Do you have any sources or books where I can learn more about the transmitting part? I have seen some setups that use SWR meters, but I think our antenna doesn’t need one yet. The description states, “SWR Across Entire Band: <1.2”.

I’ll check for sure the sequencer (:

Thank you!

Some of this is covered in the study material for becoming a radio amateur. There’s also a lot of diy and kit building out there, some of them cover more theory as well as the practical circuits and what they do.

QRP-labs mostly does low power (as the name suggests) and some stuff that is in the VHF territory. His kits and instructions are good quality. the PA’s and LPF have som good info, but is mostly specific to HF, theory applies to VHF as well.

The W6PQL site that has the sequencer also has a ton of kits and info.

SWR is a term that ham’s often use, it is centered at 1:1 at a perfect 50ohm load and it tells how much of the transmitted power is reflected back into the amplifier (bad, heating and overvoltage, terminate or severly limit the tx power).
When talking about antennas and RF it becomes more important to speak about the nitty gritty details like the impedance both in the reactive and resistive.
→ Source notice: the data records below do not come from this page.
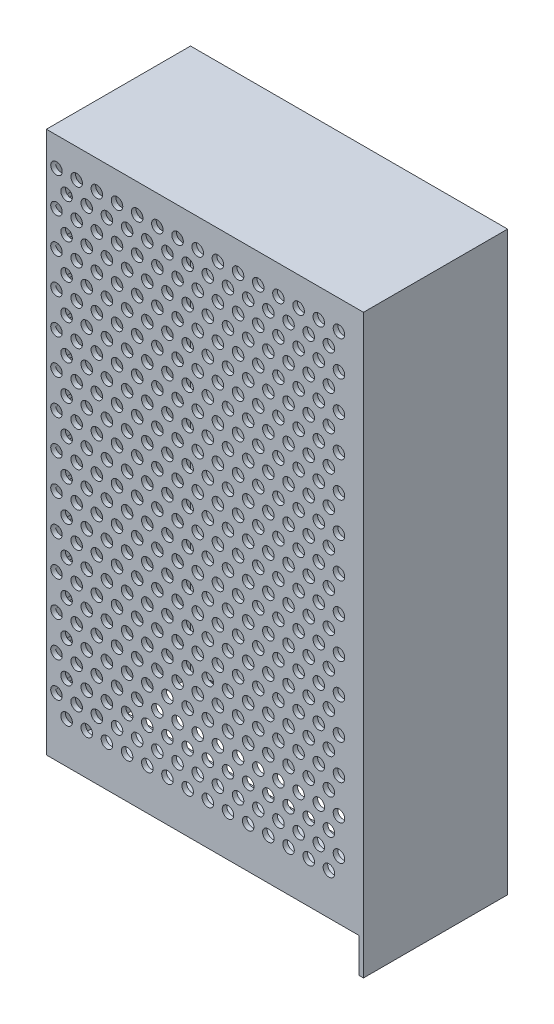
SolidWorks part; units mm, degrees
material "1060 Alloy"
ref_plane "Front Plane" through (0, 0, 0) normal (0, 0, 1) x (1, 0, 0)
ref_plane "Top Plane" through (0, 0, 0) normal (0, 1, 0) x (1, 0, 0)
ref_plane "Right Plane" through (0, 0, 0) normal (1, 0, 0) x (0, 0, -1)
sketch "Sketch1" plane through (0, 0, 0) normal (0, 0, 1) x (1, 0, 0)
  line L0 (-55, 0) -> (0, 0) construction
  line L1 (-55, 100) -> (55, 100)
  line L2 (-55, 100) -> (-55, -100)
  line L3 (-55, -100) -> (55, -100)
  line L4 (55, 100) -> (55, -100)
  line L5 (0, 0) -> (55, 0) construction
  dimension "D1" = 110
  dimension "D2" = 200
extrude "Boss-Extrude1" add sketch "Sketch1" along normal blind 50
shell "Shell1" thickness 1.6
sketch "Sketch2" plane through (0, 0, 50) normal (0, 0, 1) x (1, 0, 0)
  line L0 (-55, -100) -> (55, -100) construction
  line L1 (-53.4, -100) -> (53.4, -100)
  line L2 (-53.4, -100) -> (-53.4, -88) construction
  line L3 (-53.4, -88) -> (53.4, -88)
  line L4 (53.4, -100) -> (53.4, -88)
  line L5 (-53.4, -94) -> (-55, -94) construction
  line L6 (-55, 100) -> (-55, -100) construction
  line L7 (53.4, -94) -> (55, -94) construction
  line L8 (55, -100) -> (55, 100) construction
  line L9 (-53.4, -88) -> (-55, -88)
  line L10 (-55, -88) -> (-55, -100)
  line L11 (-55, -100) -> (-53.4, -100)
  dimension "D1" = 1.6
  dimension "D2" = 12
extrude "Cut-Extrude1" cut sketch "Sketch2" against normal up to surface (48.4 mm away) up to face at (0, -0.8, 1.6)
sketch "Sketch3" plane through (0, 0, 50) normal (0, 0, 1) x (1, 0, 0)
  line L0 (-55, 100) -> (-55, -88) construction
  line L1 (-55, -88) -> (55, -88)
  line L2 (-55, -88) -> (-55, -86.4)
  line L3 (-55, -86.4) -> (55, -86.4)
  line L4 (55, -88) -> (55, -86.4)
  line L5 (55, -100) -> (55, 100) construction
  line L6 (53.4, -88) -> (-55, -88) construction
  dimension "D1" = 1.6
extrude "Boss-Extrude2" add sketch "Sketch3" against normal blind 25
sketch "Sketch4" plane through (0, 0, 50) normal (0, 0, 1) x (1, 0, 0)
  line L0 (-55, 100) -> (-55, -88) construction
  line L1 (-42.5, 77.5) -> (7.5, 77.5) construction
  line L2 (-42.5, 77.5) -> (-42.5, 27.5) construction
  line L3 (-42.5, 27.5) -> (7.5, 27.5) construction
  line L4 (7.5, 77.5) -> (7.5, 27.5) construction
  line L5 (55, 100) -> (-55, 100) construction
  line L6 (-17.5, 77.5) -> (-17.5, 52.5) construction
  line L7 (-17.5, 52.5) -> (-17.5, 27.5) construction
  circle A0 centre (-17.5, 52.5) radius 29
  circle A1 centre (-42.5, 77.5) radius 1.5
  circle A2 centre (7.5, 27.5) radius 1.5
  dimension "D1" = 3
  dimension "D2" = 12.5
  dimension "D5" = 58
  dimension "D3" = 22.5
  dimension "D4" = 50
extrude "Cut-Extrude2" [suppressed] cut sketch "Sketch4" against normal up to surface (48.4 mm away)
sketch "Sketch5" plane through (0, 0, 0) normal (0, 0, -1) x (-1, 0, 0)
  line L0 (-55, 100) -> (55, 100) construction
  line L1 (-46, 90) -> (46, 90) construction
  line L2 (-46, 90) -> (-46, -87) construction
  line L3 (-46, -87) -> (46, -87) construction
  line L4 (46, 90) -> (46, -87) construction
  line L5 (-55, -100) -> (-55, 100) construction
  line L6 (55, 100) -> (55, -100) construction
  line L7 (55, -100) -> (-55, -100) construction
  circle A0 centre (-46, 90) radius 1.5
  circle A1 centre (46, 90) radius 1.5
  circle A2 centre (-46, -87) radius 1.5
  circle A3 centre (46, -87) radius 1.5
  dimension "D6" = 3
  dimension "D1" = 10
  dimension "D2" = 9
  dimension "D3" = 9
  dimension "D4" = 177
  dimension "D5" = 13
extrude "Cut-Extrude3" cut sketch "Sketch5" against normal up to surface (1.6 mm away) up to face at (-18.3333, -29.8667, 1.6)
sketch "Sketch6" plane through (0, 0, 50) normal (0, 0, 1) x (1, 0, 0)
  line L0 (55, 100) -> (-55, 100) construction
  line L2 (-55, 100) -> (-55, -88) construction
  line L3 (-51.5, 90) -> (-44.5, 90) construction
  line L4 (-48, 90) -> (-48, 83.9378) construction
  line L5 (-51.5, 90) -> (-48, 83.9378) construction
  line L6 (-48, 83.9378) -> (-41, 83.9378) construction
  line L7 (-51.5, 77.8756) -> (-44.5, 77.8756) construction
  line L8 (-48, 77.8756) -> (-48, 71.8135) construction
  line L9 (-51.5, 77.8756) -> (-48, 71.8135) construction
  line L10 (-48, 71.8135) -> (-41, 71.8135) construction
  line L11 (-51.5, 65.7513) -> (-44.5, 65.7513) construction
  line L12 (-48, 65.7513) -> (-48, 59.6891) construction
  line L13 (-51.5, 65.7513) -> (-48, 59.6891) construction
  line L14 (-48, 59.6891) -> (-41, 59.6891) construction
  line L15 (-51.5, 53.6269) -> (-44.5, 53.6269) construction
  line L16 (-48, 53.6269) -> (-48, 47.5648) construction
  line L17 (-51.5, 53.6269) -> (-48, 47.5648) construction
  line L18 (-48, 47.5648) -> (-41, 47.5648) construction
  line L19 (-51.5, 41.5026) -> (-44.5, 41.5026) construction
  line L20 (-48, 41.5026) -> (-48, 35.4404) construction
  line L21 (-51.5, 41.5026) -> (-48, 35.4404) construction
  line L22 (-48, 35.4404) -> (-41, 35.4404) construction
  line L23 (-51.5, 29.3782) -> (-44.5, 29.3782) construction
  line L24 (-48, 29.3782) -> (-48, 23.316) construction
  line L25 (-51.5, 29.3782) -> (-48, 23.316) construction
  line L26 (-48, 23.316) -> (-41, 23.316) construction
  line L27 (-51.5, 17.2539) -> (-44.5, 17.2539) construction
  line L28 (-48, 17.2539) -> (-48, 11.1917) construction
  line L29 (-51.5, 17.2539) -> (-48, 11.1917) construction
  line L30 (-48, 11.1917) -> (-41, 11.1917) construction
  line L31 (-51.5, 5.1295) -> (-44.5, 5.1295) construction
  line L32 (-48, 5.1295) -> (-48, -0.9327) construction
  line L33 (-51.5, 5.1295) -> (-48, -0.9327) construction
  line L34 (-48, -0.9327) -> (-41, -0.9327) construction
  line L35 (-51.5, -6.9948) -> (-44.5, -6.9948) construction
  line L36 (-48, -6.9948) -> (-48, -13.057) construction
  line L37 (-51.5, -6.9948) -> (-48, -13.057) construction
  line L38 (-48, -13.057) -> (-41, -13.057) construction
  line L39 (-51.5, -19.1192) -> (-44.5, -19.1192) construction
  line L40 (-48, -19.1192) -> (-48, -25.1814) construction
  line L41 (-51.5, -19.1192) -> (-48, -25.1814) construction
  line L42 (-48, -25.1814) -> (-41, -25.1814) construction
  line L43 (-51.5, -31.2436) -> (-44.5, -31.2436) construction
  line L44 (-48, -31.2436) -> (-48, -37.3057) construction
  line L45 (-51.5, -31.2436) -> (-48, -37.3057) construction
  line L46 (-48, -37.3057) -> (-41, -37.3057) construction
  line L47 (-51.5, -43.3679) -> (-44.5, -43.3679) construction
  line L48 (-48, -43.3679) -> (-48, -49.4301) construction
  line L49 (-51.5, -43.3679) -> (-48, -49.4301) construction
  line L50 (-48, -49.4301) -> (-41, -49.4301) construction
  line L51 (-51.5, -55.4923) -> (-44.5, -55.4923) construction
  line L52 (-48, -55.4923) -> (-48, -61.5544) construction
  line L53 (-51.5, -55.4923) -> (-48, -61.5544) construction
  line L54 (-48, -61.5544) -> (-41, -61.5544) construction
  line L55 (-51.5, -67.6166) -> (-44.5, -67.6166) construction
  line L56 (-48, -67.6166) -> (-48, -73.6788) construction
  line L57 (-51.5, -67.6166) -> (-48, -73.6788) construction
  line L58 (-48, -73.6788) -> (-41, -73.6788) construction
  line L67 (-48, 83.9378) -> (-51.5, 77.8756) construction
  line L68 (-48, 83.9378) -> (-48, 77.8756) construction
  circle A0 centre (-51.5, 90) radius 2
  circle A1 centre (-44.5, 90) radius 2
  circle A2 centre (-37.5, 90) radius 2
  circle A3 centre (-30.5, 90) radius 2
  circle A4 centre (-23.5, 90) radius 2
  circle A5 centre (-16.5, 90) radius 2
  circle A6 centre (-9.5, 90) radius 2
  circle A7 centre (-2.5, 90) radius 2
  circle A8 centre (4.5, 90) radius 2
  circle A9 centre (11.5, 90) radius 2
  circle A10 centre (18.5, 90) radius 2
  circle A11 centre (25.5, 90) radius 2
  circle A12 centre (32.5, 90) radius 2
  circle A13 centre (39.5, 90) radius 2
  circle A14 centre (46.5, 90) radius 2
  circle A15 centre (-48, 83.9378) radius 2
  circle A16 centre (-41, 83.9378) radius 2
  circle A17 centre (-34, 83.9378) radius 2
  circle A18 centre (-27, 83.9378) radius 2
  circle A19 centre (-20, 83.9378) radius 2
  circle A20 centre (-13, 83.9378) radius 2
  circle A21 centre (-6, 83.9378) radius 2
  circle A22 centre (1, 83.9378) radius 2
  circle A23 centre (8, 83.9378) radius 2
  circle A24 centre (15, 83.9378) radius 2
  circle A25 centre (22, 83.9378) radius 2
  circle A26 centre (29, 83.9378) radius 2
  circle A27 centre (36, 83.9378) radius 2
  circle A28 centre (43, 83.9378) radius 2
  circle A29 centre (-51.5, 77.8756) radius 2
  circle A30 centre (-44.5, 77.8756) radius 2
  circle A31 centre (-37.5, 77.8756) radius 2
  circle A32 centre (-30.5, 77.8756) radius 2
  circle A33 centre (-23.5, 77.8756) radius 2
  circle A34 centre (-16.5, 77.8756) radius 2
  circle A35 centre (-9.5, 77.8756) radius 2
  circle A36 centre (-2.5, 77.8756) radius 2
  circle A37 centre (4.5, 77.8756) radius 2
  circle A38 centre (11.5, 77.8756) radius 2
  circle A39 centre (18.5, 77.8756) radius 2
  circle A40 centre (25.5, 77.8756) radius 2
  circle A41 centre (32.5, 77.8756) radius 2
  circle A42 centre (39.5, 77.8756) radius 2
  circle A43 centre (46.5, 77.8756) radius 2
  circle A44 centre (-48, 71.8135) radius 2
  circle A45 centre (-41, 71.8135) radius 2
  circle A46 centre (-34, 71.8135) radius 2
  circle A47 centre (-27, 71.8135) radius 2
  circle A48 centre (-20, 71.8135) radius 2
  circle A49 centre (-13, 71.8135) radius 2
  circle A50 centre (-6, 71.8135) radius 2
  circle A51 centre (1, 71.8135) radius 2
  circle A52 centre (8, 71.8135) radius 2
  circle A53 centre (15, 71.8135) radius 2
  circle A54 centre (22, 71.8135) radius 2
  circle A55 centre (29, 71.8135) radius 2
  circle A56 centre (36, 71.8135) radius 2
  circle A57 centre (43, 71.8135) radius 2
  circle A58 centre (-51.5, 65.7513) radius 2
  circle A59 centre (-44.5, 65.7513) radius 2
  circle A60 centre (-37.5, 65.7513) radius 2
  circle A61 centre (-30.5, 65.7513) radius 2
  circle A62 centre (-23.5, 65.7513) radius 2
  circle A63 centre (-16.5, 65.7513) radius 2
  circle A64 centre (-9.5, 65.7513) radius 2
  circle A65 centre (-2.5, 65.7513) radius 2
  circle A66 centre (4.5, 65.7513) radius 2
  circle A67 centre (11.5, 65.7513) radius 2
  circle A68 centre (18.5, 65.7513) radius 2
  circle A69 centre (25.5, 65.7513) radius 2
  circle A70 centre (32.5, 65.7513) radius 2
  circle A71 centre (39.5, 65.7513) radius 2
  circle A72 centre (46.5, 65.7513) radius 2
  circle A73 centre (-48, 59.6891) radius 2
  circle A74 centre (-41, 59.6891) radius 2
  circle A75 centre (-34, 59.6891) radius 2
  circle A76 centre (-27, 59.6891) radius 2
  circle A77 centre (-20, 59.6891) radius 2
  circle A78 centre (-13, 59.6891) radius 2
  circle A79 centre (-6, 59.6891) radius 2
  circle A80 centre (1, 59.6891) radius 2
  circle A81 centre (8, 59.6891) radius 2
  circle A82 centre (15, 59.6891) radius 2
  circle A83 centre (22, 59.6891) radius 2
  circle A84 centre (29, 59.6891) radius 2
  circle A85 centre (36, 59.6891) radius 2
  circle A86 centre (43, 59.6891) radius 2
  circle A87 centre (-51.5, 53.6269) radius 2
  circle A88 centre (-44.5, 53.6269) radius 2
  circle A89 centre (-37.5, 53.6269) radius 2
  circle A90 centre (-30.5, 53.6269) radius 2
  circle A91 centre (-23.5, 53.6269) radius 2
  circle A92 centre (-16.5, 53.6269) radius 2
  circle A93 centre (-9.5, 53.6269) radius 2
  circle A94 centre (-2.5, 53.6269) radius 2
  circle A95 centre (4.5, 53.6269) radius 2
  circle A96 centre (11.5, 53.6269) radius 2
  circle A97 centre (18.5, 53.6269) radius 2
  circle A98 centre (25.5, 53.6269) radius 2
  circle A99 centre (32.5, 53.6269) radius 2
  circle A100 centre (39.5, 53.6269) radius 2
  circle A101 centre (46.5, 53.6269) radius 2
  circle A102 centre (-48, 47.5648) radius 2
  circle A103 centre (-41, 47.5648) radius 2
  circle A104 centre (-34, 47.5648) radius 2
  circle A105 centre (-27, 47.5648) radius 2
  circle A106 centre (-20, 47.5648) radius 2
  circle A107 centre (-13, 47.5648) radius 2
  circle A108 centre (-6, 47.5648) radius 2
  circle A109 centre (1, 47.5648) radius 2
  circle A110 centre (8, 47.5648) radius 2
  circle A111 centre (15, 47.5648) radius 2
  circle A112 centre (22, 47.5648) radius 2
  circle A113 centre (29, 47.5648) radius 2
  circle A114 centre (36, 47.5648) radius 2
  circle A115 centre (43, 47.5648) radius 2
  circle A116 centre (-51.5, 41.5026) radius 2
  circle A117 centre (-44.5, 41.5026) radius 2
  circle A118 centre (-37.5, 41.5026) radius 2
  circle A119 centre (-30.5, 41.5026) radius 2
  circle A120 centre (-23.5, 41.5026) radius 2
  circle A121 centre (-16.5, 41.5026) radius 2
  circle A122 centre (-9.5, 41.5026) radius 2
  circle A123 centre (-2.5, 41.5026) radius 2
  circle A124 centre (4.5, 41.5026) radius 2
  circle A125 centre (11.5, 41.5026) radius 2
  circle A126 centre (18.5, 41.5026) radius 2
  circle A127 centre (25.5, 41.5026) radius 2
  circle A128 centre (32.5, 41.5026) radius 2
  circle A129 centre (39.5, 41.5026) radius 2
  circle A130 centre (46.5, 41.5026) radius 2
  circle A131 centre (-48, 35.4404) radius 2
  circle A132 centre (-41, 35.4404) radius 2
  circle A133 centre (-34, 35.4404) radius 2
  circle A134 centre (-27, 35.4404) radius 2
  circle A135 centre (-20, 35.4404) radius 2
  circle A136 centre (-13, 35.4404) radius 2
  circle A137 centre (-6, 35.4404) radius 2
  circle A138 centre (1, 35.4404) radius 2
  circle A139 centre (8, 35.4404) radius 2
  circle A140 centre (15, 35.4404) radius 2
  circle A141 centre (22, 35.4404) radius 2
  circle A142 centre (29, 35.4404) radius 2
  circle A143 centre (36, 35.4404) radius 2
  circle A144 centre (43, 35.4404) radius 2
  circle A145 centre (-51.5, 29.3782) radius 2
  circle A146 centre (-44.5, 29.3782) radius 2
  circle A147 centre (-37.5, 29.3782) radius 2
  circle A148 centre (-30.5, 29.3782) radius 2
  circle A149 centre (-23.5, 29.3782) radius 2
  circle A150 centre (-16.5, 29.3782) radius 2
  circle A151 centre (-9.5, 29.3782) radius 2
  circle A152 centre (-2.5, 29.3782) radius 2
  circle A153 centre (4.5, 29.3782) radius 2
  circle A154 centre (11.5, 29.3782) radius 2
  circle A155 centre (18.5, 29.3782) radius 2
  circle A156 centre (25.5, 29.3782) radius 2
  circle A157 centre (32.5, 29.3782) radius 2
  circle A158 centre (39.5, 29.3782) radius 2
  circle A159 centre (46.5, 29.3782) radius 2
  circle A160 centre (-48, 23.316) radius 2
  circle A161 centre (-41, 23.316) radius 2
  circle A162 centre (-34, 23.316) radius 2
  circle A163 centre (-27, 23.316) radius 2
  circle A164 centre (-20, 23.316) radius 2
  circle A165 centre (-13, 23.316) radius 2
  circle A166 centre (-6, 23.316) radius 2
  circle A167 centre (1, 23.316) radius 2
  circle A168 centre (8, 23.316) radius 2
  circle A169 centre (15, 23.316) radius 2
  circle A170 centre (22, 23.316) radius 2
  circle A171 centre (29, 23.316) radius 2
  circle A172 centre (36, 23.316) radius 2
  circle A173 centre (43, 23.316) radius 2
  circle A174 centre (-51.5, 17.2539) radius 2
  circle A175 centre (-44.5, 17.2539) radius 2
  circle A176 centre (-37.5, 17.2539) radius 2
  circle A177 centre (-30.5, 17.2539) radius 2
  circle A178 centre (-23.5, 17.2539) radius 2
  circle A179 centre (-16.5, 17.2539) radius 2
  circle A180 centre (-9.5, 17.2539) radius 2
  circle A181 centre (-2.5, 17.2539) radius 2
  circle A182 centre (4.5, 17.2539) radius 2
  circle A183 centre (11.5, 17.2539) radius 2
  circle A184 centre (18.5, 17.2539) radius 2
  circle A185 centre (25.5, 17.2539) radius 2
  circle A186 centre (32.5, 17.2539) radius 2
  circle A187 centre (39.5, 17.2539) radius 2
  circle A188 centre (46.5, 17.2539) radius 2
  circle A189 centre (-48, 11.1917) radius 2
  circle A190 centre (-41, 11.1917) radius 2
  circle A191 centre (-34, 11.1917) radius 2
  circle A192 centre (-27, 11.1917) radius 2
  circle A193 centre (-20, 11.1917) radius 2
  circle A194 centre (-13, 11.1917) radius 2
  circle A195 centre (-6, 11.1917) radius 2
  circle A196 centre (1, 11.1917) radius 2
  circle A197 centre (8, 11.1917) radius 2
  circle A198 centre (15, 11.1917) radius 2
  circle A199 centre (22, 11.1917) radius 2
  circle A200 centre (29, 11.1917) radius 2
  circle A201 centre (36, 11.1917) radius 2
  circle A202 centre (43, 11.1917) radius 2
  circle A203 centre (-51.5, 5.1295) radius 2
  circle A204 centre (-44.5, 5.1295) radius 2
  circle A205 centre (-37.5, 5.1295) radius 2
  circle A206 centre (-30.5, 5.1295) radius 2
  circle A207 centre (-23.5, 5.1295) radius 2
  circle A208 centre (-16.5, 5.1295) radius 2
  circle A209 centre (-9.5, 5.1295) radius 2
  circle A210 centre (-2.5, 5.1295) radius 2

Like when using a VNA to measure something you get a lot more details than just SWR. It quickly gets into the smith charts and all kinds of good stuff (:

When building stuff you will need to measure, depending on what you already have access to you will soon have a shopping list of modules and instruments (:

Thanks for your rapid response!! I really appreciated the details of the info !!

I’ll see if I get into radio amateur courses, looks really interesting! (:

Hi ed190.

I agree with Daniel SA2KNG…. A lot of the questions you have been asking are the sorts of things that Amateur Radio operators learn as part of getting their licences and have built on over the years through the practical application of that theory…

If you want to learn a lot of practical skills about building radio systems I suggest you have a look at the series of YouTube videos by VE2ZAZ/VA2IW where he goes about designing and building a 10GHz Transverter system from scratch. He goes through all the aspects of radio systems including some of the questions you are asking about levels, filters, losses, power, sequencing, testing etc. What he says about 10GHz applies at all frequencies.

Do your self a favour and invest the time in watching them. They will greatly add to your skills in resolving issues and make getting an Amateur Licence easier.

Hope this helps.
John - VK4JBE

Hi vk4jbe,

Thank you for your response. Unfortunately, I didn’t know that these were taught in radio amateur courses, as I am a student working for the university and was never informed about the radio amateur stuff, lol. They just told me to work on it, and since my specialization is aerospace engineering, I was lost at the beginning, but I’m figuring things out slowly. I will try to look for the online videos you provided. However, I am short on time due to exams, so I won’t be able to attend classes now. Regarding getting my license, I won’t pursue it since my colleague/boss has one, and he is, of course, the one who wants to transmit. However, the stuff that I having learning in the process is awesome!

I appreciate your advice and apologize for any inconvenience!


At least try to get hold of study material for radio amateurs, it covers a lot of the basics (:

While recommending channels is on the topic (which I have viewed a lot):
W2AEW “Mostly videos on hobby electronics, test & measurement, ham radio, and other stuff.”
TSP “science & electrical engineering video blog for industry professionals, students and hobbyists.”
FesZ “channel about various electronic projects I spend my free time doing.”
RobertFeranec “Electronics, PCB Layout, High Speed, Board Design and more”

Good luck in the project, and keep us posted on how it goes. Remember to give back to the community and be involved, even if not revealing any secrets (:


Thank you for the recommendations and sources! W2AEW was actually the first source I watched when I started a couple moths ago, lol! I’ll continue learning and will keep you updated!